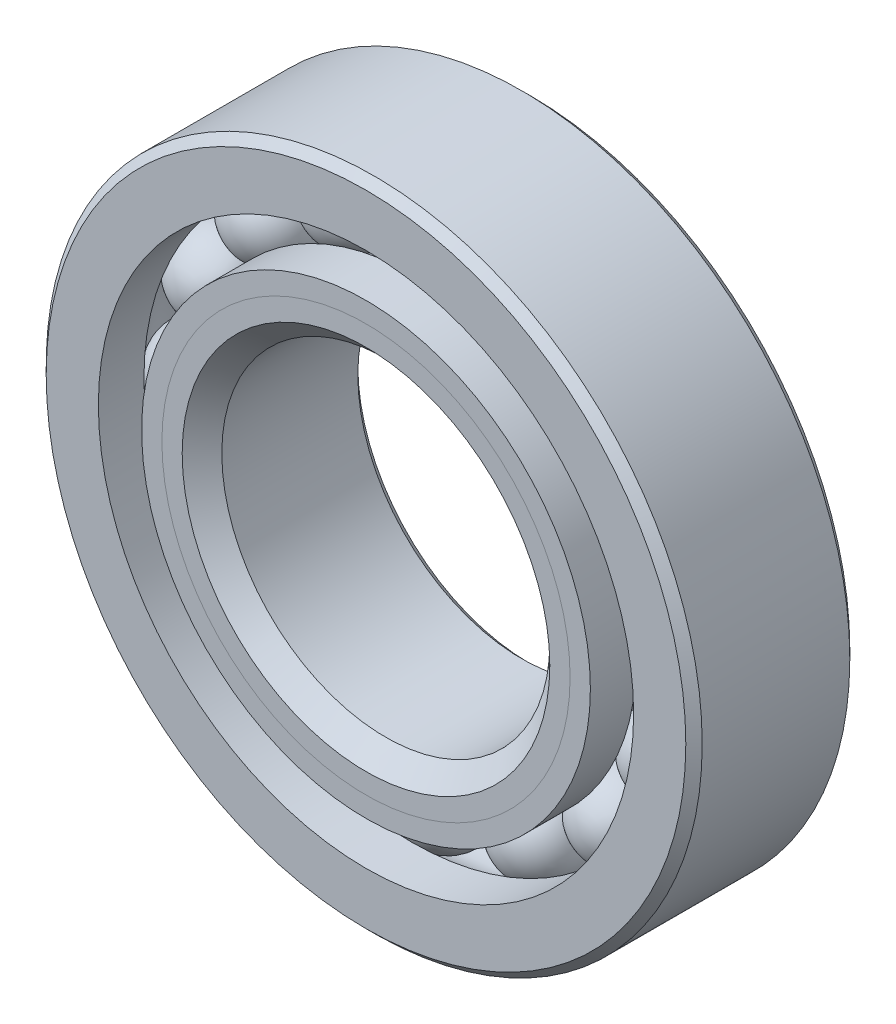
ISO-10303-21;
HEADER;
FILE_DESCRIPTION(('STEP AP214'),'2;1');
FILE_NAME('part.step','',(''),(''),'','','');
FILE_SCHEMA(('AUTOMOTIVE_DESIGN { 1 0 10303 214 1 1 1 1 }'));
ENDSEC;
DATA;
#1=APPLICATION_CONTEXT('core data for automotive mechanical design processes');
#2=APPLICATION_PROTOCOL_DEFINITION('international standard','automotive_design',2000,#1);
#3=PRODUCT_CONTEXT('',#1,'mechanical');
#4=PRODUCT('Part','Part','',(#3));
#5=PRODUCT_RELATED_PRODUCT_CATEGORY('part','',(#4));
#6=PRODUCT_DEFINITION_FORMATION('','',#4);
#7=PRODUCT_DEFINITION_CONTEXT('part definition',#1,'design');
#8=PRODUCT_DEFINITION('design','',#6,#7);
#9=PRODUCT_DEFINITION_SHAPE('','',#8);
#10=(LENGTH_UNIT() NAMED_UNIT(*) SI_UNIT(.MILLI.,.METRE.));
#11=(NAMED_UNIT(*) PLANE_ANGLE_UNIT() SI_UNIT($,.RADIAN.));
#12=(NAMED_UNIT(*) SI_UNIT($,.STERADIAN.) SOLID_ANGLE_UNIT());
#13=UNCERTAINTY_MEASURE_WITH_UNIT(LENGTH_MEASURE(1.E-05),#10,'distance_accuracy_value','');
#14=(GEOMETRIC_REPRESENTATION_CONTEXT(3) GLOBAL_UNCERTAINTY_ASSIGNED_CONTEXT((#13)) GLOBAL_UNIT_ASSIGNED_CONTEXT((#10,
#11,#12)) REPRESENTATION_CONTEXT('',''));
#15=CARTESIAN_POINT('',(0.,0.,0.));
#16=DIRECTION('',(0.,0.,1.));
#17=DIRECTION('',(1.,0.,0.));
#18=AXIS2_PLACEMENT_3D('',#15,#16,#17);
#19=CARTESIAN_POINT('',(-7.29011938655472,17.5999050943401,0.));
#20=DIRECTION('',(0.,0.,1.));
#21=DIRECTION('',(-0.382683432365077,0.923879532511292,0.));
#22=AXIS2_PLACEMENT_3D('',#19,#20,#21);
#23=SPHERICAL_SURFACE('',#22,3.28171342706955);
#24=CARTESIAN_POINT('',(-7.29011938655472,17.5999050943401,3.28171342706955));
#25=VERTEX_POINT('',#24);
#26=VERTEX_LOOP('',#25);
#27=FACE_BOUND('',#26,.T.);
#28=ADVANCED_FACE('F37',(#27),#23,.T.);
#29=CLOSED_SHELL('',(#28));
#30=MANIFOLD_SOLID_BREP('B2',#29);
#31=CARTESIAN_POINT('',(-13.4703841816036,13.4703841816039,0.));
#32=DIRECTION('',(0.,0.,1.));
#33=DIRECTION('',(-0.707106781186539,0.707106781186556,0.));
#34=AXIS2_PLACEMENT_3D('',#31,#32,#33);
#35=SPHERICAL_SURFACE('',#34,3.28171342706955);
#36=CARTESIAN_POINT('',(-13.4703841816036,13.4703841816039,3.28171342706955));
#37=VERTEX_POINT('',#36);
#38=VERTEX_LOOP('',#37);
#39=FACE_BOUND('',#38,.T.);
#40=ADVANCED_FACE('F58',(#39),#35,.T.);
#41=CLOSED_SHELL('',(#40));
#42=MANIFOLD_SOLID_BREP('B6',#41);
#43=CARTESIAN_POINT('',(-17.5999050943399,7.29011938655515,0.));
#44=DIRECTION('',(0.,0.,1.));
#45=DIRECTION('',(-0.923879532511283,0.3826834323651,0.));
#46=AXIS2_PLACEMENT_3D('',#43,#44,#45);
#47=SPHERICAL_SURFACE('',#46,3.28171342706955);
#48=CARTESIAN_POINT('',(-17.5999050943399,7.29011938655515,3.28171342706955));
#49=VERTEX_POINT('',#48);
#50=VERTEX_LOOP('',#49);
#51=FACE_BOUND('',#50,.T.);
#52=ADVANCED_FACE('F79',(#51),#47,.T.);
#53=CLOSED_SHELL('',(#52));
#54=MANIFOLD_SOLID_BREP('B33',#53);
#55=CARTESIAN_POINT('',(-19.05,1.99538274087401E-13,0.));
#56=DIRECTION('',(0.,0.,1.));
#57=DIRECTION('',(-1.,0.,0.));
#58=AXIS2_PLACEMENT_3D('',#55,#56,#57);
#59=SPHERICAL_SURFACE('',#58,3.28171342706955);
#60=CARTESIAN_POINT('',(-19.05,1.99538274087401E-13,3.28171342706955));
#61=VERTEX_POINT('',#60);
#62=VERTEX_LOOP('',#61);
#63=FACE_BOUND('',#62,.T.);
#64=ADVANCED_FACE('F100',(#63),#59,.T.);
#65=CLOSED_SHELL('',(#64));
#66=MANIFOLD_SOLID_BREP('B54',#65);
#67=CARTESIAN_POINT('',(-17.5999050943401,-7.29011938655478,0.));
#68=DIRECTION('',(0.,0.,1.));
#69=DIRECTION('',(-0.923879532511291,-0.382683432365081,0.));
#70=AXIS2_PLACEMENT_3D('',#67,#68,#69);
#71=SPHERICAL_SURFACE('',#70,3.28171342706955);
#72=CARTESIAN_POINT('',(-17.5999050943401,-7.29011938655478,3.28171342706955));
#73=VERTEX_POINT('',#72);
#74=VERTEX_LOOP('',#73);
#75=FACE_BOUND('',#74,.T.);
#76=ADVANCED_FACE('F121',(#75),#71,.T.);
#77=CLOSED_SHELL('',(#76));
#78=MANIFOLD_SOLID_BREP('B75',#77);
#79=CARTESIAN_POINT('',(-13.4703841816038,-13.4703841816036,0.));
#80=DIRECTION('',(0.,0.,1.));
#81=DIRECTION('',(-0.707106781186554,-0.707106781186541,0.));
#82=AXIS2_PLACEMENT_3D('',#79,#80,#81);
#83=SPHERICAL_SURFACE('',#82,3.28171342706955);
#84=CARTESIAN_POINT('',(-13.4703841816038,-13.4703841816036,3.28171342706955));
#85=VERTEX_POINT('',#84);
#86=VERTEX_LOOP('',#85);
#87=FACE_BOUND('',#86,.T.);
#88=ADVANCED_FACE('F142',(#87),#83,.T.);
#89=CLOSED_SHELL('',(#88));
#90=MANIFOLD_SOLID_BREP('B96',#89);
#91=CARTESIAN_POINT('',(-7.2901193865551,-17.59990509434,0.));
#92=DIRECTION('',(0.,0.,1.));
#93=DIRECTION('',(-0.382683432365097,-0.923879532511284,0.));
#94=AXIS2_PLACEMENT_3D('',#91,#92,#93);
#95=SPHERICAL_SURFACE('',#94,3.28171342706955);
#96=CARTESIAN_POINT('',(-7.2901193865551,-17.59990509434,3.28171342706955));
#97=VERTEX_POINT('',#96);
#98=VERTEX_LOOP('',#97);
#99=FACE_BOUND('',#98,.T.);
#100=ADVANCED_FACE('F163',(#99),#95,.T.);
#101=CLOSED_SHELL('',(#100));
#102=MANIFOLD_SOLID_BREP('B117',#101);
#103=CARTESIAN_POINT('',(-1.33025516058267E-13,-19.05,0.));
#104=DIRECTION('',(0.,0.,1.));
#105=DIRECTION('',(0.,-1.,0.));
#106=AXIS2_PLACEMENT_3D('',#103,#104,#105);
#107=SPHERICAL_SURFACE('',#106,3.28171342706955);
#108=CARTESIAN_POINT('',(-1.33025516058267E-13,-19.05,3.28171342706955));
#109=VERTEX_POINT('',#108);
#110=VERTEX_LOOP('',#109);
#111=FACE_BOUND('',#110,.T.);
#112=ADVANCED_FACE('F184',(#111),#107,.T.);
#113=CLOSED_SHELL('',(#112));
#114=MANIFOLD_SOLID_BREP('B138',#113);
#115=CARTESIAN_POINT('',(7.29011938655485,-17.5999050943401,0.));
#116=DIRECTION('',(0.,0.,1.));
#117=DIRECTION('',(0.382683432365084,-0.923879532511289,0.));
#118=AXIS2_PLACEMENT_3D('',#115,#116,#117);
#119=SPHERICAL_SURFACE('',#118,3.28171342706955);
#120=CARTESIAN_POINT('',(7.29011938655485,-17.5999050943401,3.28171342706955));
#121=VERTEX_POINT('',#120);
#122=VERTEX_LOOP('',#121);
#123=FACE_BOUND('',#122,.T.);
#124=ADVANCED_FACE('F205',(#123),#119,.T.);
#125=CLOSED_SHELL('',(#124));
#126=MANIFOLD_SOLID_BREP('B159',#125);
#127=CARTESIAN_POINT('',(13.4703841816037,-13.4703841816038,0.));
#128=DIRECTION('',(0.,0.,1.));
#129=DIRECTION('',(0.707106781186544,-0.707106781186551,0.));
#130=AXIS2_PLACEMENT_3D('',#127,#128,#129);
#131=SPHERICAL_SURFACE('',#130,3.28171342706955);
#132=CARTESIAN_POINT('',(13.4703841816037,-13.4703841816038,3.28171342706955));
#133=VERTEX_POINT('',#132);
#134=VERTEX_LOOP('',#133);
#135=FACE_BOUND('',#134,.T.);
#136=ADVANCED_FACE('F226',(#135),#131,.T.);
#137=CLOSED_SHELL('',(#136));
#138=MANIFOLD_SOLID_BREP('B180',#137);
#139=CARTESIAN_POINT('',(17.59990509434,-7.29011938655504,0.));
#140=DIRECTION('',(0.,0.,1.));
#141=DIRECTION('',(0.923879532511285,-0.382683432365094,0.));
#142=AXIS2_PLACEMENT_3D('',#139,#140,#141);
#143=SPHERICAL_SURFACE('',#142,3.28171342706955);
#144=CARTESIAN_POINT('',(17.59990509434,-7.29011938655504,3.28171342706955));
#145=VERTEX_POINT('',#144);
#146=VERTEX_LOOP('',#145);
#147=FACE_BOUND('',#146,.T.);
#148=ADVANCED_FACE('F247',(#147),#143,.T.);
#149=CLOSED_SHELL('',(#148));
#150=MANIFOLD_SOLID_BREP('B201',#149);
#151=CARTESIAN_POINT('',(19.05,0.,0.));
#152=DIRECTION('',(0.,0.,1.));
#153=DIRECTION('',(1.,0.,0.));
#154=AXIS2_PLACEMENT_3D('',#151,#152,#153);
#155=SPHERICAL_SURFACE('',#154,3.28171342706955);
#156=CARTESIAN_POINT('',(19.05,0.,3.28171342706955));
#157=VERTEX_POINT('',#156);
#158=VERTEX_LOOP('',#157);
#159=FACE_BOUND('',#158,.T.);
#160=ADVANCED_FACE('F268',(#159),#155,.T.);
#161=CLOSED_SHELL('',(#160));
#162=MANIFOLD_SOLID_BREP('B222',#161);
#163=CARTESIAN_POINT('',(17.59990509434,7.29011938655491,0.));
#164=DIRECTION('',(0.,0.,1.));
#165=DIRECTION('',(0.923879532511288,0.382683432365087,0.));
#166=AXIS2_PLACEMENT_3D('',#163,#164,#165);
#167=SPHERICAL_SURFACE('',#166,3.28171342706955);
#168=CARTESIAN_POINT('',(17.59990509434,7.29011938655491,3.28171342706955));
#169=VERTEX_POINT('',#168);
#170=VERTEX_LOOP('',#169);
#171=FACE_BOUND('',#170,.T.);
#172=ADVANCED_FACE('F289',(#171),#167,.T.);
#173=CLOSED_SHELL('',(#172));
#174=MANIFOLD_SOLID_BREP('B243',#173);
#175=CARTESIAN_POINT('',(13.4703841816038,13.4703841816037,0.));
#176=DIRECTION('',(0.,0.,1.));
#177=DIRECTION('',(0.707106781186549,0.707106781186546,0.));
#178=AXIS2_PLACEMENT_3D('',#175,#176,#177);
#179=SPHERICAL_SURFACE('',#178,3.28171342706955);
#180=CARTESIAN_POINT('',(13.4703841816038,13.4703841816037,3.28171342706955));
#181=VERTEX_POINT('',#180);
#182=VERTEX_LOOP('',#181);
#183=FACE_BOUND('',#182,.T.);
#184=ADVANCED_FACE('F310',(#183),#179,.T.);
#185=CLOSED_SHELL('',(#184));
#186=MANIFOLD_SOLID_BREP('B264',#185);
#187=CARTESIAN_POINT('',(7.29011938655498,17.59990509434,0.));
#188=DIRECTION('',(0.,0.,1.));
#189=DIRECTION('',(0.382683432365091,0.923879532511287,0.));
#190=AXIS2_PLACEMENT_3D('',#187,#188,#189);
#191=SPHERICAL_SURFACE('',#190,3.28171342706955);
#192=CARTESIAN_POINT('',(7.29011938655498,17.59990509434,3.28171342706955));
#193=VERTEX_POINT('',#192);
#194=VERTEX_LOOP('',#193);
#195=FACE_BOUND('',#194,.T.);
#196=ADVANCED_FACE('F331',(#195),#191,.T.);
#197=CLOSED_SHELL('',(#196));
#198=MANIFOLD_SOLID_BREP('B285',#197);
#199=CARTESIAN_POINT('',(0.,19.05,0.));
#200=DIRECTION('',(0.,0.,1.));
#201=DIRECTION('',(0.,1.,0.));
#202=AXIS2_PLACEMENT_3D('',#199,#200,#201);
#203=SPHERICAL_SURFACE('',#202,3.28171342706955);
#204=CARTESIAN_POINT('',(0.,19.05,3.28171342706955));
#205=VERTEX_POINT('',#204);
#206=VERTEX_LOOP('',#205);
#207=FACE_BOUND('',#206,.T.);
#208=ADVANCED_FACE('F353',(#207),#203,.T.);
#209=CLOSED_SHELL('',(#208));
#210=MANIFOLD_SOLID_BREP('B306',#209);
#211=CARTESIAN_POINT('',(0.,15.80470900587,6.35));
#212=DIRECTION('',(0.,0.,-1.));
#213=DIRECTION('',(-1.,0.,0.));
#214=AXIS2_PLACEMENT_3D('',#211,#212,#213);
#215=PLANE('',#214);
#216=CARTESIAN_POINT('',(0.,0.,6.35));
#217=DIRECTION('',(0.,0.,1.));
#218=DIRECTION('',(1.,0.,0.));
#219=AXIS2_PLACEMENT_3D('',#216,#217,#218);
#220=CIRCLE('',#219,14.2341432864652);
#221=CARTESIAN_POINT('',(14.2341432864652,0.,6.35));
#222=VERTEX_POINT('',#221);
#223=EDGE_CURVE('E408',#222,#222,#220,.T.);
#224=ORIENTED_EDGE('',*,*,#223,.F.);
#225=EDGE_LOOP('',(#224));
#226=FACE_BOUND('',#225,.T.);
#227=CARTESIAN_POINT('',(0.,0.,6.35));
#228=DIRECTION('',(0.,0.,1.));
#229=DIRECTION('',(1.,0.,0.));
#230=AXIS2_PLACEMENT_3D('',#227,#228,#229);
#231=CIRCLE('',#230,15.80470900587);
#232=CARTESIAN_POINT('',(15.80470900587,0.,6.35));
#233=VERTEX_POINT('',#232);
#234=EDGE_CURVE('E352',#233,#233,#231,.T.);
#235=ORIENTED_EDGE('',*,*,#234,.T.);
#236=EDGE_LOOP('',(#235));
#237=FACE_BOUND('',#236,.T.);
#238=ADVANCED_FACE('F374',(#226,#237),#215,.F.);
#239=CARTESIAN_POINT('',(0.,0.,4.77943428059525));
#240=DIRECTION('',(0.,0.,1.));
#241=DIRECTION('',(1.,0.,0.));
#242=AXIS2_PLACEMENT_3D('',#239,#240,#241);
#243=CONICAL_SURFACE('',#242,14.2341432864652,0.785398163397449);
#244=ORIENTED_EDGE('',*,*,#234,.F.);
#245=EDGE_LOOP('',(#244));
#246=FACE_BOUND('',#245,.T.);
#247=CARTESIAN_POINT('',(0.,0.,4.77943428059525));
#248=DIRECTION('',(0.,0.,1.));
#249=DIRECTION('',(1.,0.,0.));
#250=AXIS2_PLACEMENT_3D('',#247,#248,#249);
#251=CIRCLE('',#250,14.2341432864652);
#252=CARTESIAN_POINT('',(14.2341432864652,0.,4.77943428059525));
#253=VERTEX_POINT('',#252);
#254=EDGE_CURVE('E380',#253,#253,#251,.T.);
#255=ORIENTED_EDGE('',*,*,#254,.T.);
#256=EDGE_LOOP('',(#255));
#257=FACE_BOUND('',#256,.T.);
#258=ADVANCED_FACE('F415',(#246,#257),#243,.T.);
#259=CARTESIAN_POINT('',(0.,0.,6.35));
#260=DIRECTION('',(0.,0.,1.));
#261=DIRECTION('',(1.,0.,0.));
#262=AXIS2_PLACEMENT_3D('',#259,#260,#261);
#263=CYLINDRICAL_SURFACE('',#262,14.2341432864652);
#264=ORIENTED_EDGE('',*,*,#254,.F.);
#265=EDGE_LOOP('',(#264));
#266=FACE_BOUND('',#265,.T.);
#267=CARTESIAN_POINT('',(0.,0.,0.));
#268=DIRECTION('',(0.,0.,1.));
#269=DIRECTION('',(1.,0.,0.));
#270=AXIS2_PLACEMENT_3D('',#267,#268,#269);
#271=CIRCLE('',#270,14.2341432864652);
#272=CARTESIAN_POINT('',(14.2341432864652,0.,0.));
#273=VERTEX_POINT('',#272);
#274=EDGE_CURVE('E384',#273,#273,#271,.T.);
#275=ORIENTED_EDGE('',*,*,#274,.T.);
#276=EDGE_LOOP('',(#275));
#277=FACE_BOUND('',#276,.T.);
#278=ADVANCED_FACE('F419',(#266,#277),#263,.T.);
#279=CARTESIAN_POINT('',(0.,14.2341432864652,0.));
#280=DIRECTION('',(0.,0.,-1.));
#281=DIRECTION('',(-1.,0.,0.));
#282=AXIS2_PLACEMENT_3D('',#279,#280,#281);
#283=PLANE('',#282);
#284=ORIENTED_EDGE('',*,*,#274,.F.);
#285=EDGE_LOOP('',(#284));
#286=FACE_BOUND('',#285,.T.);
#287=CARTESIAN_POINT('',(0.,0.,0.));
#288=DIRECTION('',(0.,0.,1.));
#289=DIRECTION('',(1.,0.,0.));
#290=AXIS2_PLACEMENT_3D('',#287,#288,#289);
#291=CIRCLE('',#290,15.7682865729304);
#292=CARTESIAN_POINT('',(15.7682865729304,0.,0.));
#293=VERTEX_POINT('',#292);
#294=EDGE_CURVE('E388',#293,#293,#291,.T.);
#295=ORIENTED_EDGE('',*,*,#294,.T.);
#296=EDGE_LOOP('',(#295));
#297=FACE_BOUND('',#296,.T.);
#298=ADVANCED_FACE('F424',(#286,#297),#283,.F.);
#299=CARTESIAN_POINT('',(0.,0.,0.));
#300=DIRECTION('',(0.,0.,1.));
#301=DIRECTION('',(1.,0.,0.));
#302=AXIS2_PLACEMENT_3D('',#299,#300,#301);
#303=TOROIDAL_SURFACE('',#302,19.05,3.28171342706955);
#304=ORIENTED_EDGE('',*,*,#294,.F.);
#305=EDGE_LOOP('',(#304));
#306=FACE_BOUND('',#305,.T.);
#307=CARTESIAN_POINT('',(0.,0.,-2.82222222222222));
#308=DIRECTION('',(0.,0.,1.));
#309=DIRECTION('',(1.,0.,0.));
#310=AXIS2_PLACEMENT_3D('',#307,#308,#309);
#311=CIRCLE('',#310,17.3752747252747);
#312=CARTESIAN_POINT('',(17.3752747252747,0.,-2.82222222222222));
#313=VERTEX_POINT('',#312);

> **What is needed**
Going back to the entries above, set down exactly the lines that begin at the one with "#141=DIRECTION('',(0.923879532511285,-0.382683432365094,0.));" and end at the one with "#181=VERTEX_POINT('',#180);", both included, and nothing else.

> **Output of the exercise**
#141=DIRECTION('',(0.923879532511285,-0.382683432365094,0.));
#142=AXIS2_PLACEMENT_3D('',#139,#140,#141);
#143=SPHERICAL_SURFACE('',#142,3.28171342706955);
#144=CARTESIAN_POINT('',(17.59990509434,-7.29011938655504,3.28171342706955));
#145=VERTEX_POINT('',#144);
#146=VERTEX_LOOP('',#145);
#147=FACE_BOUND('',#146,.T.);
#148=ADVANCED_FACE('F247',(#147),#143,.T.);
#149=CLOSED_SHELL('',(#148));
#150=MANIFOLD_SOLID_BREP('B201',#149);
#151=CARTESIAN_POINT('',(19.05,0.,0.));
#152=DIRECTION('',(0.,0.,1.));
#153=DIRECTION('',(1.,0.,0.));
#154=AXIS2_PLACEMENT_3D('',#151,#152,#153);
#155=SPHERICAL_SURFACE('',#154,3.28171342706955);
#156=CARTESIAN_POINT('',(19.05,0.,3.28171342706955));
#157=VERTEX_POINT('',#156);
#158=VERTEX_LOOP('',#157);
#159=FACE_BOUND('',#158,.T.);
#160=ADVANCED_FACE('F268',(#159),#155,.T.);
#161=CLOSED_SHELL('',(#160));
#162=MANIFOLD_SOLID_BREP('B222',#161);
#163=CARTESIAN_POINT('',(17.59990509434,7.29011938655491,0.));
#164=DIRECTION('',(0.,0.,1.));
#165=DIRECTION('',(0.923879532511288,0.382683432365087,0.));
#166=AXIS2_PLACEMENT_3D('',#163,#164,#165);
#167=SPHERICAL_SURFACE('',#166,3.28171342706955);
#168=CARTESIAN_POINT('',(17.59990509434,7.29011938655491,3.28171342706955));
#169=VERTEX_POINT('',#168);
#170=VERTEX_LOOP('',#169);
#171=FACE_BOUND('',#170,.T.);
#172=ADVANCED_FACE('F289',(#171),#167,.T.);
#173=CLOSED_SHELL('',(#172));
#174=MANIFOLD_SOLID_BREP('B243',#173);
#175=CARTESIAN_POINT('',(13.4703841816038,13.4703841816037,0.));
#176=DIRECTION('',(0.,0.,1.));
#177=DIRECTION('',(0.707106781186549,0.707106781186546,0.));
#178=AXIS2_PLACEMENT_3D('',#175,#176,#177);
#179=SPHERICAL_SURFACE('',#178,3.28171342706955);
#180=CARTESIAN_POINT('',(13.4703841816038,13.4703841816037,3.28171342706955));
#181=VERTEX_POINT('',#180);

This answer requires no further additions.